A single database cannot hold the data or handle the load. How do you split it across many?

Clarify first

  • What is the query pattern — single-entity lookups, range scans, or analytics?
  • What is the natural partition key (user_id, tenant_id, region)?
  • How often do you need cross-shard queries? (Expensive — design to avoid)

Approach

**Range sharding** — partition by key range (ids 0–1M on shard A, 1M–2M on B). Good for range scans; creates hotspots if ranges are unbalanced or monotonic (e.g., timestamp → last shard gets all writes). **Hash sharding** — partition by hash(key) mod N. Balances load evenly; destroys range-scan locality. Rescaling is painful unless you use consistent hashing. **Directory sharding** — a lookup service maps key → shard. Maximum flexibility; the directory becomes a bottleneck and must itself be scaled.

Follow-up questions

  • ? How do you reshard without downtime?
  • ? What is a "hot shard" and what do you do when one user generates 20% of traffic?
  • ? Cross-shard JOIN: when to denormalize vs fan-out query vs move to a warehouse?

Leader election

Time O(n) messages per election (candidate contacts all peers); O(n) per commit for majority replication  ·  Space O(log) persisted per node

Problem

A set of processes must elect exactly one leader. The leader coordinates; followers replicate. What goes wrong, and how do you make it safe?

Clarify first

  • Is strong consistency required, or is eventual convergence OK?
  • What happens if the network splits? (Split-brain is the classic failure mode)
  • How quickly must a new leader take over after a failure?

Approach

**Use a proven consensus protocol** (Raft, Paxos, Zab) or a coordinator (etcd, ZooKeeper, Consul).
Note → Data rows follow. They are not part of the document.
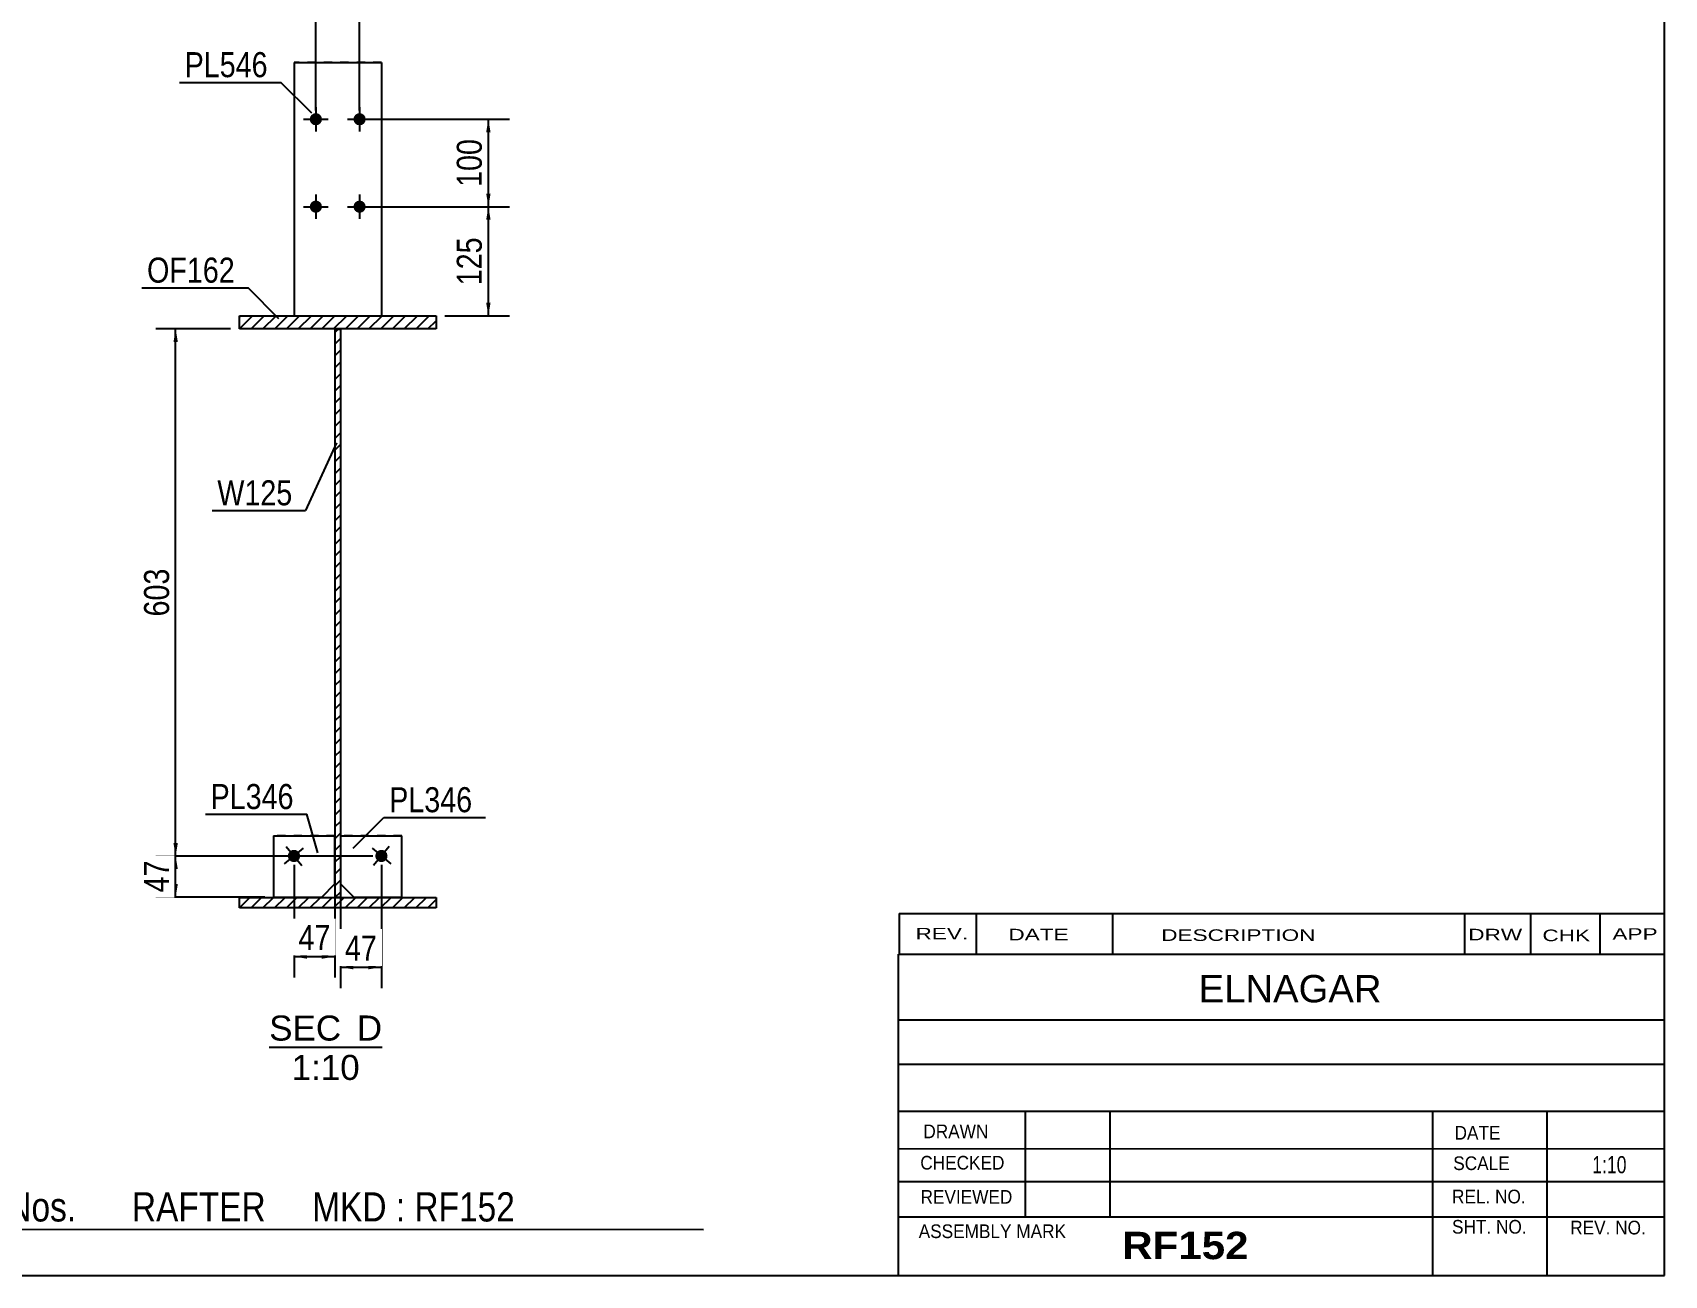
# Model space of a CAD drawing. Header units: millimetres. Extents: x -1018 to -615, y -194 to 83.
# Drawn here: x -801.7 to -615.1, y -194.4 to -52.3 of the extents above; entities that cross this region are included whole.
import ezdxf

# ---------------------------------------------------------------- set-up
doc = ezdxf.new("R2010")
doc.units = ezdxf.units.MM
doc.linetypes.add('DXK_LINE_DOT1', pattern=[1.8814, 0.9407, -0.9407])
doc.styles.add('Arial', font='ARIAL.TTF', dxfattribs={"height": 0.2})
doc.styles.add('Arial Bold', font='ARIALBD.TTF', dxfattribs={"height": 0.2})
doc.styles.add('Arial Narrow', font='ARIALN.TTF', dxfattribs={"height": 0.2})

# ---------------------------------------------------------------- blocks, each defined once
blk = doc.blocks.new('Unknown-624476512-1210')
at = {"color": 5, "linetype": 'Continuous'}
for p, q in [((-615.11, -194.41), (-615.11, 82.59)), ((-1015.11, -194.41), (-615.11, -194.41))]:
    blk.add_line(p, q, dxfattribs=at)
blk = doc.blocks.new('Unknown-624476512-12 - 1257')
at = {"color": 1, "linetype": 'Continuous'}
blk.add_line((-774.69, -168.31), (-761.78, -168.31), dxfattribs=at)
at = {"color": 0, "linetype": 'Continuous'}
for points in [[(-766.47, -167.56), (-766.47, -164.56), (-774.69, -164.56), (-774.69, -167.56)], [(-761.78, -167.56), (-761.78, -164.56), (-764.67, -164.56), (-764.67, -167.56)], [(-764.35, -172.06), (-764.35, -169.06), (-772.13, -169.06), (-772.13, -172.06)]]:
    blk.add_wipeout(points, dxfattribs=at)
at = {"color": 136, "linetype": 'Continuous', "style": 'Arial'}
for s, height, p in [('SEC', 2.865, (-774.69, -167.56)), ('D', 2.87, (-764.67, -167.56)), ('1:10', 2.865, (-772.13, -172.06))]:
    blk.add_text(s, height=height, dxfattribs=at).set_placement(p)
blk = doc.blocks.new('Bolt-624476512-1264 - 1257')
at = {"linetype": 'Continuous'}
for points in [[(-768.65, -62.18, -1), (-770.05, -62.18, -1)], [(-763.65, -62.18, -1), (-765.05, -62.18, -1)], [(-768.65, -72.18, -1), (-770.05, -72.18, -1)], [(-763.65, -72.18, -1), (-765.05, -72.18, -1)]]:
    blk.add_hatch(color=3, dxfattribs=at).paths.add_polyline_path(points)
at = {"color": 3, "linetype": 'Continuous'}
for p, q in [((-769.35, -60.78), (-769.35, -63.58)), ((-764.35, -60.78), (-764.35, -63.58)), ((-770.75, -62.18), (-767.95, -62.18)), ((-765.75, -62.18), (-762.95, -62.18)), ((-769.35, -70.78), (-769.35, -73.58)), ((-764.35, -70.78), (-764.35, -73.58)), ((-770.75, -72.18), (-767.95, -72.18)), ((-765.75, -72.18), (-762.95, -72.18))]:
    blk.add_line(p, q, dxfattribs=at)
blk = doc.blocks.new('Part-624476512-1316 - 1257')
at = {"color": 2, "linetype": 'Continuous'}
for p, q in [((-774.18, -144.15), (-767.18, -144.15)), ((-774.18, -144.15), (-774.18, -151.15)), ((-767.18, -149.65), (-767.18, -144.15)), ((-774.18, -151.15), (-768.68, -151.15)), ((-768.68, -151.15), (-767.18, -149.65))]:
    blk.add_line(p, q, dxfattribs=at)
at = {"color": 7, "linetype": 'DXK_LINE_DOT1'}
for p, q in [((-767.18, -144.15), (-774.18, -144.15)), ((-774.18, -151.15), (-768.68, -151.15))]:
    blk.add_line(p, q, dxfattribs=at)
blk = doc.blocks.new('Bolt-624476512-1275 - 1257')
at = {"linetype": 'Continuous'}
blk.add_hatch(color=3, dxfattribs=at).paths.add_polyline_path([(-761.32, -146.9, -1), (-762.39, -145.99, -1)])
at = {"color": 3, "linetype": 'Continuous'}
for p, q in [((-762.92, -145.54), (-760.78, -147.35)), ((-760.95, -145.37), (-762.75, -147.52))]:
    blk.add_line(p, q, dxfattribs=at)
blk = doc.blocks.new('Bolt-624476512-1276 - 1257')
at = {"linetype": 'Continuous'}
blk.add_hatch(color=3, dxfattribs=at).paths.add_polyline_path([(-771.32, -145.99, -1), (-772.39, -146.9, -1)])
at = {"color": 3, "linetype": 'Continuous'}
for p, q in [((-772.92, -147.35), (-770.78, -145.54)), ((-772.75, -145.37), (-770.95, -147.52))]:
    blk.add_line(p, q, dxfattribs=at)
blk = doc.blocks.new('Part-624476512-1321 - 1257')
at = {"color": 2, "linetype": 'Continuous'}
for p, q in [((-766.52, -144.15), (-759.52, -144.15)), ((-766.52, -144.15), (-766.52, -149.65)), ((-759.52, -151.15), (-759.52, -144.15)), ((-766.52, -149.65), (-765.02, -151.15)), ((-765.02, -151.15), (-759.52, -151.15))]:
    blk.add_line(p, q, dxfattribs=at)
at = {"color": 7, "linetype": 'DXK_LINE_DOT1'}
for p, q in [((-759.52, -144.15), (-766.52, -144.15)), ((-765.02, -151.15), (-759.52, -151.15))]:
    blk.add_line(p, q, dxfattribs=at)
blk = doc.blocks.new('Part-624476512-1356 - 1257')
at = {"color": 2, "linetype": 'Continuous'}
for p, q in [((-771.85, -55.68), (-771.85, -84.68)), ((-771.85, -55.68), (-761.85, -55.68)), ((-761.85, -55.68), (-761.85, -84.68))]:
    blk.add_line(p, q, dxfattribs=at)
at = {"color": 7, "linetype": 'DXK_LINE_DOT1'}
for p, q in [((-761.85, -55.68), (-771.85, -55.68)), ((-771.85, -84.68), (-761.85, -84.68))]:
    blk.add_line(p, q, dxfattribs=at)
blk = doc.blocks.new('Part-624476512-1366 - 1257')
at = {"linetype": 'Continuous'}
h = blk.add_hatch(dxfattribs=at)
h.set_pattern_fill('', scale=0.3, style=0, pattern_type=0)
h.set_pattern_definition([(45, (-778.1013, -152.3752), (-0.67352, 0.67352), [])])
h.paths.add_polyline_path([(-778.1, -151.18), (-778.1, -152.38), (-755.6, -152.38), (-755.6, -151.18)])
at = {"color": 2, "linetype": 'Continuous'}
for p, q in [((-778.1, -152.38), (-778.1, -151.18)), ((-778.1, -151.18), (-755.6, -151.18)), ((-755.6, -152.38), (-778.1, -152.38)), ((-755.6, -151.18), (-755.6, -152.38))]:
    blk.add_line(p, q, dxfattribs=at)
blk = doc.blocks.new('Part-624476512-1389 - 1257')
at = {"linetype": 'Continuous'}
h = blk.add_hatch(dxfattribs=at)
h.set_pattern_fill('', scale=0.3, style=0, pattern_type=0)
h.set_pattern_definition([(45, (-767.1513, -151.1752), (-0.673519, 0.673519), [])])
h.paths.add_polyline_path([(-767.15, -86.18), (-767.15, -151.18), (-766.55, -151.18), (-766.55, -86.18)])
at = {"color": 2, "linetype": 'Continuous'}
for p, q in [((-767.15, -151.18), (-767.15, -86.18)), ((-767.15, -86.18), (-766.55, -86.18)), ((-766.55, -86.18), (-766.55, -151.18)), ((-766.55, -151.18), (-767.15, -151.18))]:
    blk.add_line(p, q, dxfattribs=at)
blk = doc.blocks.new('Part-624476512-1412 - 1257')
at = {"linetype": 'Continuous'}
h = blk.add_hatch(dxfattribs=at)
h.set_pattern_fill('', scale=0.3, style=0, pattern_type=0)
h.set_pattern_definition([(45, (-778.1013, -86.1746), (-0.67352, 0.67352), [])])
h.paths.add_polyline_path([(-778.1, -84.67), (-778.1, -86.17), (-755.6, -86.17), (-755.6, -84.67)])
at = {"color": 2, "linetype": 'Continuous'}
for p, q in [((-778.1, -86.17), (-778.1, -84.67)), ((-778.1, -84.67), (-755.6, -84.67)), ((-755.6, -84.67), (-755.6, -86.17)), ((-755.6, -86.17), (-778.1, -86.17))]:
    blk.add_line(p, q, dxfattribs=at)
blk = doc.blocks.new('StraightDimension-624476512-1477 - 1257')
at = {"linetype": 'Continuous'}
for points in [[(-749.87, -63.68), (-749.62, -62.18), (-749.37, -63.68)], [(-749.37, -70.68), (-749.62, -72.18), (-749.87, -70.68)]]:
    blk.add_hatch(color=7, dxfattribs=at).paths.add_polyline_path(points)
at = {"color": 7, "linetype": 'Continuous'}
for p, q in [((-763.35, -62.18), (-747.22, -62.18)), ((-749.62, -72.18), (-749.62, -62.18)), ((-763.35, -72.18), (-747.22, -72.18))]:
    blk.add_line(p, q, dxfattribs=at)
at = {"color": 0}
blk.add_wipeout([(-749.77, -63.84), (-753.97, -63.84), (-753.97, -70.52), (-749.77, -70.52)], dxfattribs=at)
at = {"color": 3, "style": 'Arial Narrow'}
blk.add_text('100', height=2.863, rotation=90.0002, dxfattribs=at).set_placement((-750.37, -69.92))
blk = doc.blocks.new('StraightDimension-624476512-1418 - 1257')
at = {"linetype": 'Continuous'}
for points in [[(-785.64, -87.67), (-785.39, -86.17), (-785.14, -87.67)], [(-785.14, -144.95), (-785.39, -146.45), (-785.64, -144.95)]]:
    blk.add_hatch(color=7, dxfattribs=at).paths.add_polyline_path(points)
at = {"color": 7, "linetype": 'Continuous'}
for p, q in [((-779.1, -86.17), (-787.64, -86.17)), ((-785.39, -146.45), (-785.39, -86.17)), ((-762.85, -146.45), (-787.64, -146.45))]:
    blk.add_line(p, q, dxfattribs=at)
at = {"color": 0}
blk.add_wipeout([(-785.54, -112.97), (-789.74, -112.97), (-789.74, -119.65), (-785.54, -119.65)], dxfattribs=at)
at = {"color": 3, "style": 'Arial Narrow'}
blk.add_text('603', height=2.863, rotation=90.0002, dxfattribs=at).set_placement((-786.14, -119.05))
blk = doc.blocks.new('StraightDimension-624476512-1442 - 1257')
at = {"linetype": 'Continuous'}
for points in [[(-785.64, -147.95), (-785.39, -146.45), (-785.14, -147.95)], [(-785.14, -149.65), (-785.39, -151.15), (-785.64, -149.65)]]:
    blk.add_hatch(color=7, dxfattribs=at).paths.add_polyline_path(points)
at = {"color": 7, "linetype": 'Continuous'}
for p, q in [((-762.85, -146.45), (-787.64, -146.45)), ((-785.39, -151.15), (-785.39, -146.45)), ((-775.18, -151.15), (-787.64, -151.15))]:
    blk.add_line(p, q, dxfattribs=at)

Do not hand-roll. Key guarantee: at most one leader per term, and any decision a leader makes is replicated to a majority quorum before commit. For a quick interview answer, describe Raft: (1) each process has a term counter; (2) followers promote to candidate on timeout and request votes; (3) a candidate with a majority becomes leader; (4) the leader heartbeats; (5) partitioned leaders step down when they cannot reach a quorum. The "bully algorithm" is the textbook simple version but does not handle partitions safely.

Follow-up questions

  • ? Why does split-brain lead to two writers? How does a quorum prevent it?
  • ? Lease-based leader election — what does the lease protect against?
  • ? Why does "odd number of nodes" matter for quorum (3, 5, 7)?